首先,网络文学的出现是对当代传统文学原有文学体制是一种挑战。比如网络文学超越了传统纸面文学的纯粹语言,话语方式的革新无异于五四文学革命白话文取代文言文的意义,而且在多媒体和超文本链接上的这一文本方式的变革上,具有划时代的意义;当代传统文学承载着文学是对世界的模仿、表现和再现的使命,但网络文学中大量出现的网络生活和玄幻穿越作品,则完全是一种虚拟世界的虚构;当代传统文学认为文学是人生存在意义的彰显与精神的自我提升,但网络文学更多的是欲望的泥潭与自我的消解。

其次,网络文学迥异的社会文化价值。网络文学活动所展示的青年亚文化群体的文化行为是社会文化转型的一个风向标。有数据显示,文学“网虫”中95%是30岁以下的年轻人。“很多文学网站喜欢的魔幻题材不需要作者有很多社会阅历,更多的素材来自于电影、漫画或游戏中,所以网络写手大多是大学生,甚至中学生。”[8]网络文学已成为年轻亚文化的一种特定方式,网络文学活动成了年轻亚文化群体的文化表达和文化追求。这一群体惯于将现实情绪发泄到网络世界,网络世界的情绪又投放到现实世界里,且对现实人生产生影响。

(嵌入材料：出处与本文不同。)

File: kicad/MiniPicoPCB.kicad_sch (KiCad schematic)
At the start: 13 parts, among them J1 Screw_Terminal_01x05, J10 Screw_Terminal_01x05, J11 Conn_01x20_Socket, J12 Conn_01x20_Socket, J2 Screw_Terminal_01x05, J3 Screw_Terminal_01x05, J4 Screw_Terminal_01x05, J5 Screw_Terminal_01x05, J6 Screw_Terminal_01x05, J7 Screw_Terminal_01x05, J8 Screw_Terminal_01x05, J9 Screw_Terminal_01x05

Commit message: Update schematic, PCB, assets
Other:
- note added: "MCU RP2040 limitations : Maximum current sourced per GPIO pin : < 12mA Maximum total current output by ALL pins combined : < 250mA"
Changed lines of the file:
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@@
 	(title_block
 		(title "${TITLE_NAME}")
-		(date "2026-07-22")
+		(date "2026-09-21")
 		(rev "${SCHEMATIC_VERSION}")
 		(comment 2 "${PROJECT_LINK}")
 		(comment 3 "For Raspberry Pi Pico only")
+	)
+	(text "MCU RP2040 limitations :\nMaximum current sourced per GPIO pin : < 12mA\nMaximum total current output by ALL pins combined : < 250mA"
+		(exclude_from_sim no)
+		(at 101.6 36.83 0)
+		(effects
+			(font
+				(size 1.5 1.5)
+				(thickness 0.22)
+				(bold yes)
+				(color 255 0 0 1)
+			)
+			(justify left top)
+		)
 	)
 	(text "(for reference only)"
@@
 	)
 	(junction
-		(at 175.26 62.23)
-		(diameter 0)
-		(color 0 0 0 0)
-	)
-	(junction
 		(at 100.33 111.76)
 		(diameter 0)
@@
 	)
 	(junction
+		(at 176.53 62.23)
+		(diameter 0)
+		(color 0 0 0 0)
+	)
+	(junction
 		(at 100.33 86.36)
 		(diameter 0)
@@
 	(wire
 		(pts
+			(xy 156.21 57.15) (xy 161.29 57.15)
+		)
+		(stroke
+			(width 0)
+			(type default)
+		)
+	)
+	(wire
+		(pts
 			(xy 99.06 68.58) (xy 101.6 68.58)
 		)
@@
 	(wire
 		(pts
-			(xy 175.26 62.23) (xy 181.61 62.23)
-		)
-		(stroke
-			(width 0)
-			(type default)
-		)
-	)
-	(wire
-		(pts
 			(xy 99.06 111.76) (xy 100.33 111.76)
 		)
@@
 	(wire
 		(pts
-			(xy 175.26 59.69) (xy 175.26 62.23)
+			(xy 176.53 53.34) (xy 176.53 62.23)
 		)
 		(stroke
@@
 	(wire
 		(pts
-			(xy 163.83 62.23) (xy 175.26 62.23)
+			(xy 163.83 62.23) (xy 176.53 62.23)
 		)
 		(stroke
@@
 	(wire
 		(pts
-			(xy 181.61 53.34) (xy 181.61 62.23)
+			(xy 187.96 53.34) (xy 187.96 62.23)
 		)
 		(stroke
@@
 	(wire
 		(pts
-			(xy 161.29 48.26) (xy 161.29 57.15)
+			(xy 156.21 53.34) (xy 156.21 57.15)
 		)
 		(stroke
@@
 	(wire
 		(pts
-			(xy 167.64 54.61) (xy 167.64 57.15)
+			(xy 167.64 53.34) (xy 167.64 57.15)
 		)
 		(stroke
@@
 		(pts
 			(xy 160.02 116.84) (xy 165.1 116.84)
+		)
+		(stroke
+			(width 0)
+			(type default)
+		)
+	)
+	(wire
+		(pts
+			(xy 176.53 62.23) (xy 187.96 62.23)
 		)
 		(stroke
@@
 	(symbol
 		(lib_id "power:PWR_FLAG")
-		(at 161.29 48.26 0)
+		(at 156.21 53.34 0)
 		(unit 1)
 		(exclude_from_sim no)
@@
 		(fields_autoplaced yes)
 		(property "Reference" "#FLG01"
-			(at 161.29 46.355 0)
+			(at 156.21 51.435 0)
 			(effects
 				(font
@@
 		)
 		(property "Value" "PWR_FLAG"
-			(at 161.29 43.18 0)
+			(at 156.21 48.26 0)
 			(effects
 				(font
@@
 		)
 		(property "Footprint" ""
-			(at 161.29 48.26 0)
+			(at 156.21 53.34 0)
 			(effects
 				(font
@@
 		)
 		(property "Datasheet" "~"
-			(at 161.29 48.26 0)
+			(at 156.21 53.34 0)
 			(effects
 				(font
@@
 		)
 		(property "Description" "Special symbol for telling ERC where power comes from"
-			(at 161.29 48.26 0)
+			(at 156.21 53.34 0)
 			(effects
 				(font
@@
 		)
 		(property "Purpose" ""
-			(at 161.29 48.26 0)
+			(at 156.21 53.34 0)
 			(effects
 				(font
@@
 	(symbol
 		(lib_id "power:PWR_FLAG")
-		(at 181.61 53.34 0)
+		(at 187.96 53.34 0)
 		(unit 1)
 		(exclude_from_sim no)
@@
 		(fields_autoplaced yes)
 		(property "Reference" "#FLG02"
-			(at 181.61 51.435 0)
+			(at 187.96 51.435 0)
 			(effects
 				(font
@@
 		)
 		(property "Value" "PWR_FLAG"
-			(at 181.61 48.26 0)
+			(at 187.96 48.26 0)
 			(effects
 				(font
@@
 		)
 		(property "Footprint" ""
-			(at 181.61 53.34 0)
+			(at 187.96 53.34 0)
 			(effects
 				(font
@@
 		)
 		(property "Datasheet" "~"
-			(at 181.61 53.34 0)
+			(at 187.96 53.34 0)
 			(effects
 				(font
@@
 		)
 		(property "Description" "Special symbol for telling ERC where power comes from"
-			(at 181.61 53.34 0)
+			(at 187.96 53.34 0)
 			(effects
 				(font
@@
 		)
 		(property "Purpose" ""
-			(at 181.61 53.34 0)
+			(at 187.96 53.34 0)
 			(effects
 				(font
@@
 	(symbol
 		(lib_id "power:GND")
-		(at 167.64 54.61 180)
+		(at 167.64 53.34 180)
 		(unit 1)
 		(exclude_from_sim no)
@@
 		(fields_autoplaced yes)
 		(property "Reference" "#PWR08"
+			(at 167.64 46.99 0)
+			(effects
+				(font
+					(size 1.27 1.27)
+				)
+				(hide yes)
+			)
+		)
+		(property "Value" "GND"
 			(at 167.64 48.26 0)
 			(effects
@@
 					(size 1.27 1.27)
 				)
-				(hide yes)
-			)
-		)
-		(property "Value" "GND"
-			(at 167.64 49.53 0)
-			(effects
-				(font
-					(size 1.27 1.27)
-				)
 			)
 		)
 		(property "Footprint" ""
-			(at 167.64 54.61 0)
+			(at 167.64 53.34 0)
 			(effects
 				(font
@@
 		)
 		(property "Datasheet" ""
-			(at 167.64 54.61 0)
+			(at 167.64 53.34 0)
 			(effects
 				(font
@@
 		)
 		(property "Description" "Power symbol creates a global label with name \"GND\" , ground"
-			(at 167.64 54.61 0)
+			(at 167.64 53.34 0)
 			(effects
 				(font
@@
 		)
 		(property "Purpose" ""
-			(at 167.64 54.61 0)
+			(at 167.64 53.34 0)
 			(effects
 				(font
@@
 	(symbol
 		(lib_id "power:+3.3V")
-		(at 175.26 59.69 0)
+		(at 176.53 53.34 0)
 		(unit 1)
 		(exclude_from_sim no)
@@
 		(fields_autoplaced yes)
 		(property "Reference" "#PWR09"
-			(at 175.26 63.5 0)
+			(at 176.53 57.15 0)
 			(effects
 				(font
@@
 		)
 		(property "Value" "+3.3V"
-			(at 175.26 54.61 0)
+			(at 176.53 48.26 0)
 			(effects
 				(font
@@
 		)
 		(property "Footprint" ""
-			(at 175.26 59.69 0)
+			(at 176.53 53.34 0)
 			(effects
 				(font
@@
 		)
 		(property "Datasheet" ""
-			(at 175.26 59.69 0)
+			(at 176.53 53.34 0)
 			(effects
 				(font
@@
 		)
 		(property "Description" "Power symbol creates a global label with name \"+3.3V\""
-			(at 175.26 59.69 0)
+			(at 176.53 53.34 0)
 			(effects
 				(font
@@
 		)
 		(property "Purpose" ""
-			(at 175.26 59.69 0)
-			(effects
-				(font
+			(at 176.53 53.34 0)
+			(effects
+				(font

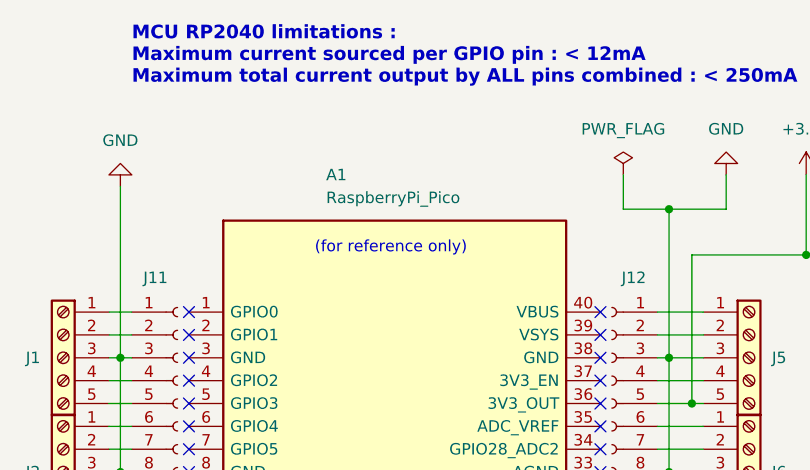
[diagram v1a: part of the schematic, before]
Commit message: Update footprint warning
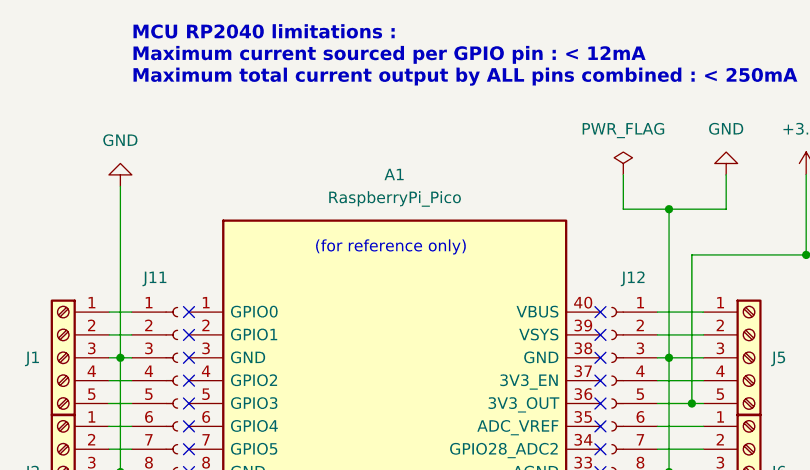
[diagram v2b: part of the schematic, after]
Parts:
- removed A1: RaspberryPi_Pico, Module:RaspberryPi_Pico_Common_Unspecified, symbol MCU_Module:RaspberryPi_Pico
- added A1: RaspberryPi_Pico, Module:RaspberryPi_Pico_Common_Unspecified, symbol MiniPicoPCB:RaspberryPi_Pico
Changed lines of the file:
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@@
 	(title_block
 		(title "${TITLE_NAME}")
-		(date "2026-09-21")
+		(date "2026-10-06")
 		(rev "${SCHEMATIC_VERSION}")
 		(comment 2 "${PROJECT_LINK}")
@@
 			(width 0)
 			(type default)
-		)
-	)
-	(symbol
-		(lib_id "MCU_Module:RaspberryPi_Pico")
-		(at 130.81 92.71 0)
-		(unit 1)
-		(exclude_from_sim no)
-		(in_bom no)
-		(on_board no)
-		(dnp no)
-		(property "Reference" "A1"
-			(at 123.19 53.34 0)
-			(effects
-				(font
-					(size 1.27 1.27)
-				)
-				(justify left)
-			)
-		)
-		(property "Value" "RaspberryPi_Pico"
-			(at 123.19 55.88 0)
-			(effects
-				(font
-					(size 1.27 1.27)
-				)
-				(justify left)
-			)
-		)
-		(property "Footprint" "Module:RaspberryPi_Pico_Common_Unspecified"
-			(at 130.81 128.27 0)
-			(effects
-				(font
-					(size 1.27 1.27)
-				)
-				(hide yes)
-			)
-		)
-		(property "Datasheet" "https://datasheets.raspberrypi.com/pico/pico-datasheet.pdf"
-			(at 130.81 130.81 0)
-			(effects
-				(font
-					(size 1.27 1.27)
-				)
-				(hide yes)
-			)
-		)
-		(property "Description" "Versatile and inexpensive microcontroller module powered by RP2040 dual-core Arm Cortex-M0+ processor up to 133 MHz, 264kB SRAM, 2MB QSPI flash; also supports Raspberry Pi Pico 2"
-			(at 130.81 133.35 0)
-			(effects
-				(font
-					(size 1.27 1.27)
-				)
-				(hide yes)
-			)
-		)
-		(pin "35"
-		)
-		(pin "34"
-		)
-		(pin "24"
-		)
-		(pin "13"
-		)
-		(pin "15"
-		)
-		(pin "31"
-		)
-		(pin "11"
-		)
-		(pin "33"
-		)
-		(pin "29"
-		)
-		(pin "32"
-		)
-		(pin "18"
-		)
-		(pin "40"
-		)
-		(pin "19"
-		)
-		(pin "9"
-		)
-		(pin "17"
-		)
-		(pin "16"
-		)
-		(pin "22"
-		)
-		(pin "21"
-		)
-		(pin "36"
-		)
-		(pin "3"
-		)
-		(pin "2"
-		)
-		(pin "1"
-		)
-		(pin "37"
-		)
-		(pin "23"
-		)
-		(pin "39"
-		)
-		(pin "38"
-		)
-		(pin "20"
-		)
-		(pin "26"
-		)
-		(pin "5"
-		)
-		(pin "4"
-		)
-		(pin "6"
-		)
-		(pin "7"
-		)
-		(pin "14"
-		)
-		(pin "12"
-		)
-		(pin "10"
-		)
-		(pin "27"
-		)
-		(pin "28"
-		)
-		(pin "25"
-		)
-		(pin "30"
-		)
-		(pin "8"
-		)
-		(instances
-			(project "MiniPicoPCB"
-				(path "/86644c21-3caa-4c6d-8c75-c0a1b6d5c30d"
-					(reference "A1")
-					(unit 1)
-				)
-			)
 		)
 	)
@@
 					(unit 1)
 				)
+			)
+		)
+	)
+	(symbol
+		(lib_id "MiniPicoPCB:RaspberryPi_Pico")
+		(at 130.81 92.71 0)
+		(unit 1)
+		(exclude_from_sim no)
+		(in_bom no)
+		(on_board no)
+		(dnp no)
+		(fields_autoplaced yes)
+		(property "Reference" "A1"
+			(at 130.81 53.34 0)
+			(effects
+				(font
+					(size 1.27 1.27)
+				)
+			)
+		)
+		(property "Value" "RaspberryPi_Pico"
+			(at 130.81 55.88 0)
+			(effects
+				(font
+					(size 1.27 1.27)
+				)
+			)
+		)
+		(property "Footprint" "Module:RaspberryPi_Pico_Common_Unspecified"
+			(at 130.81 128.27 0)
+			(effects
+				(font
+					(size 1.27 1.27)
+				)
+				(hide yes)
+			)
+		)
+		(property "Datasheet" "https://datasheets.raspberrypi.com/pico/pico-datasheet.pdf"
+			(at 130.81 130.81 0)
+			(effects
+				(font
+					(size 1.27 1.27)
+				)
+				(hide yes)
+			)
+		)
+		(property "Description" "Versatile and inexpensive microcontroller module powered by RP2040 dual-core Arm Cortex-M0+ processor up to 133 MHz, 264kB SRAM, 2MB QSPI flash; also supports Raspberry Pi Pico 2"
+			(at 130.81 133.35 0)
+			(effects
+				(font
+					(size 1.27 1.27)
+				)
+				(hide yes)
+			)
+		)
+		(pin "31"
+		)
+		(pin "30"
+		)
+		(pin "13"
+		)
+		(pin "29"
+		)
+		(pin "40"
+		)
+		(pin "32"
+		)
+		(pin "15"
+		)
+		(pin "37"
+		)
+		(pin "7"
+		)
+		(pin "2"
+		)
+		(pin "1"
+		)
+		(pin "3"
+		)
+		(pin "6"
+		)
+		(pin "16"
+		)
+		(pin "9"
+		)
+		(pin "23"
+		)
+		(pin "11"
+		)
+		(pin "22"
+		)
+		(pin "28"
+		)
+		(pin "26"
+		)
+		(pin "24"
+		)
+		(pin "27"
+		)
+		(pin "25"
+		)
+		(pin "10"
+		)
+		(pin "19"
+		)
+		(pin "18"
+		)
+		(pin "39"
+		)
+		(pin "33"
+		)
+		(pin "35"
+		)
+		(pin "38"
+		)
+		(pin "34"
+		)
+		(pin "20"
+		)
+		(pin "14"
+		)
+		(pin "12"
+		)
+		(pin "36"
+		)
+		(pin "17"
+		)
+		(pin "8"
+		)
+		(pin "5"
+		)
+		(pin "4"
+		)
+		(pin "21"
+		)
+		(instances
+			(project "MiniPicoPCB"
+				(path "/86644c21-3caa-4c6d-8c75-c0a1b6d5c30d"
+					(reference "A1")
+					(unit 1)
+				)

第三,网络文学丰富了当代文学的人文精神价值的建构。有论者认为,“网络文学的历史认证取决于它能否走进人类审美的殿堂,建立自己的人文价值体系。”[9]从理想价值来看,网络文学与传统文学的追求有所交叉,但进一步分析,会发现网络文学又有新的人文价值,它打造了媒介时代的人文精神价值,建构了一种在鲜活的生存体验与普通民众日常感性体验基础上形成的人文精神。

但无可否认, 网络技术在丰富当代 文学 发展的同时,其自身的困境也给当代文学总体发展格局带了不利影响。具体体现在:一,网络文学中的金子只是沙堆中的微尘一粒,众多网络文学作品内容低俗,充斥着大量畸形、情色、暴力的描写。即便是代表作《第一次亲密接触》、《迷失在网络和现实之间的爱情》等也脱离不了这些低俗的内容。二,众多网络文学缺乏文学的审美性,具体体现在修辞的单调单薄,语义的单一层次,遣词的拖沓肤浅。如《赵赶驴电梯奇遇记》:“看她那副自以为高人一等的姿态,我真想问她认不认识武藤兰。不过为了饭碗和偶的女人,偶当然不会问出这句话了。话说回来,这次见到她,觉得她和武藤兰还是蛮有差别的。”[10]三,伦理道德的丧失。网络文学的无限的自由导致个人道德的沦丧,“什么都行”、什么都可以写,什么都可以看,什么都可以做,木子美的《遗情书》便是道德沦丧的结果。网络文学中道德沦丧将对读者的道德人格塑造产生负面影响,也可能引发未来 社会的道德价值主流的形成,从而引发社会危机与问题。